--- Requirement ---
Please, could you print all the lines below exactly, leaving out the pictures?

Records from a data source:
.....

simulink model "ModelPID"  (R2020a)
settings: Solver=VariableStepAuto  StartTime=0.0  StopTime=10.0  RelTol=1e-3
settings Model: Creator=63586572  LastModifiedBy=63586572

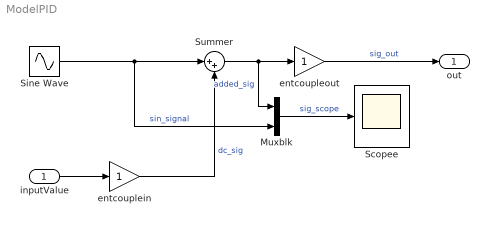
== system ModelPID ==
  inputValue : Inport
  Muxblk : Mux  Inputs=2
  Scopee : Scope
  Sine Wave : Sin  Amplitude=10  SampleTime=0
  Summer : Sum  Inputs=|++
  entcouplein : Gain
  entcoupleout : Gain
  out : Outport
  wires:
  Sine Wave/1 -> Muxblk/2, Summer/1  "sin_signal"
  inputValue/1 -> entcouplein/1
  Summer/1 -> Muxblk/1, entcoupleout/1  "added_sig"
  Muxblk/1 -> Scopee/1  "sig_scope"
  entcouplein/1 -> Summer/2  "dc_sig"
  entcoupleout/1 -> out/1  "sig_out"

.....

--- Solution for this task ---
simulink model "ModelPID"  (R2020a)
settings: Solver=VariableStepAuto  StartTime=0.0  StopTime=10.0  RelTol=1e-3
settings Model: Creator=63586572  LastModifiedBy=63586572

== system ModelPID ==
  inputValue : Inport
  Muxblk : Mux  Inputs=2
  Scopee : Scope
  Sine Wave : Sin  Amplitude=10  SampleTime=0
  Summer : Sum  Inputs=|++
  entcouplein : Gain
  entcoupleout : Gain
  out : Outport
  wires:
  Sine Wave/1 -> Muxblk/2, Summer/1  "sin_signal"
  inputValue/1 -> entcouplein/1
  Summer/1 -> Muxblk/1, entcoupleout/1  "added_sig"
  Muxblk/1 -> Scopee/1  "sig_scope"
  entcouplein/1 -> Summer/2  "dc_sig"
  entcoupleout/1 -> out/1  "sig_out"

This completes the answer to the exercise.